[N.B. This was a comment that appeared for approval, and I was so taken with it, that I thought it would make a great post. Hope you agree. And, welcome to Erik and a huge thanks to you for taking the time to write]
by Erik H.
I’ve been waiting to find time to answer this post, now I finally have it. I can state, with great precision, the time and place that the prog gene became irrevocably encoded into my DNA (or awakened from dormancy, if you will): June 23, 1979, approximately 9 PM to midnight, Rupp Arena, Lexington, KY. I was a few days past my 15th birthday and had in my hands one of the presents I received – a ticket to see Yes in concert. They were touring in support of Tormato and on their 10th anniversary. The stage for the show would be ‘in the round’, a revolving stage at the center of the arena.
I knew very little about Yes at that time. In school, a month or so prior when the concert had been announced, some friends there had assured my I should go and that it would be worth it. I casually mentioned to some in my family that I would like to go, and it was taken as the hint it was, resulting in the ticket I later received. Still, I hadn’t really sought out to listen to any Yes prior to the night of the concert and knew very little of what we call ‘prog’. Unbeknownst to me, I actually had one prog album in my collection by then – ’2112′ by Rush, but I nevertheless did not know much about any genre of prog. I just knew I liked that album without wondering if there was more music like it.
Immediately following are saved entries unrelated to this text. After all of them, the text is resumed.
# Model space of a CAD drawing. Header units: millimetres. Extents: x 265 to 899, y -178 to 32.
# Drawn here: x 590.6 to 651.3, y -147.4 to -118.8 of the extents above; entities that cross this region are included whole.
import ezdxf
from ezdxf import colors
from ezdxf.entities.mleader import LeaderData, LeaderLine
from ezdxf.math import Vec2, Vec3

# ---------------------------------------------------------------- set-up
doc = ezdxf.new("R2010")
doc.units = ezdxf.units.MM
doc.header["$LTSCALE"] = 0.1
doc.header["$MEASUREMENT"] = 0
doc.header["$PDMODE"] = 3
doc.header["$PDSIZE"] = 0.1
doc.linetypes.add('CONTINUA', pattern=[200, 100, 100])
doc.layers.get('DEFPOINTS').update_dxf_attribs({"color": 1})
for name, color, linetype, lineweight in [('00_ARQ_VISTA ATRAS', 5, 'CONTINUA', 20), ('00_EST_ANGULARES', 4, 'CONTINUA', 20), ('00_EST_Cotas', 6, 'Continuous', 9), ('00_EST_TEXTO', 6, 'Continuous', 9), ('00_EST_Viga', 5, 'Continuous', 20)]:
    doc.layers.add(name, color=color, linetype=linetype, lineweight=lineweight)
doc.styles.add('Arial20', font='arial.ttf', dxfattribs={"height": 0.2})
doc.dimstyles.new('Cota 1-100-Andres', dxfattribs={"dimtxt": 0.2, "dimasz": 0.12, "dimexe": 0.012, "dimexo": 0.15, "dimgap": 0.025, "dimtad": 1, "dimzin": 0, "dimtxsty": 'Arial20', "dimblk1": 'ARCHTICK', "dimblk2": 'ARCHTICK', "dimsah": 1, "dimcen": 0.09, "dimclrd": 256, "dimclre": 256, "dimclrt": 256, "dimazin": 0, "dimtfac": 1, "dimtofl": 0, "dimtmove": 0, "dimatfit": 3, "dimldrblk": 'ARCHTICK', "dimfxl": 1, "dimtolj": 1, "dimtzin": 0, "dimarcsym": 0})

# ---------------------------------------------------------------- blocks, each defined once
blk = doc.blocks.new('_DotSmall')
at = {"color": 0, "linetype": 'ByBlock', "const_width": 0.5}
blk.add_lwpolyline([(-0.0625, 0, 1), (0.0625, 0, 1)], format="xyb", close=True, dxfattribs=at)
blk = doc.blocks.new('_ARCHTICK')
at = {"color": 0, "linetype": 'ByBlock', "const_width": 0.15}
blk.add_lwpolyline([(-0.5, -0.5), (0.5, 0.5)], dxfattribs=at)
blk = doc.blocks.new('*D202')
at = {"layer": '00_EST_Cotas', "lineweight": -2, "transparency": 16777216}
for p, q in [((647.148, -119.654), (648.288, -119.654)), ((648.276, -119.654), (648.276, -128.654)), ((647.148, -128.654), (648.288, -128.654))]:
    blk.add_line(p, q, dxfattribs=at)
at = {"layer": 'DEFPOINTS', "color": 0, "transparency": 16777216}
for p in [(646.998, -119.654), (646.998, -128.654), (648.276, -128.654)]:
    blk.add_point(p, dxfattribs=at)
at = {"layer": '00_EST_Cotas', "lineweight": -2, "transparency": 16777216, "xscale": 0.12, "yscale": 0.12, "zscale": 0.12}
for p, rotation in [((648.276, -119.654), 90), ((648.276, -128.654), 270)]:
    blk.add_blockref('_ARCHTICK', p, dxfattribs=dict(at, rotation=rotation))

So off to the concert I went that night, not having any huge expectations other than to enjoy myself and have a good time listening to a band play some music. You could say I got much more than I bargained for, in a good way – and in a life-changing way. Simply put, I was blown away. This wasn’t just a rock band, and this wasn’t just a rock concert I was witnessing, it was something completely on another plane. While I was unfamiliar with their catalog at the time, I clearly remember them playing ‘Future Times/Rejoice’, ‘Heart of the Sunrise’, a great acoustic guitar solo by Steve Howe, and the dreamy harp/organ section of ‘Awaken’. It was quite apparent that these guys were significantly more talented than most other rock musicians out there, and quite apparent that the guitar, bass, and keyboards were particularly unique relative to any other music I had ever heard. Thankfully, this would only be the first of six times I would have the pleasure of seeing Yes in concert.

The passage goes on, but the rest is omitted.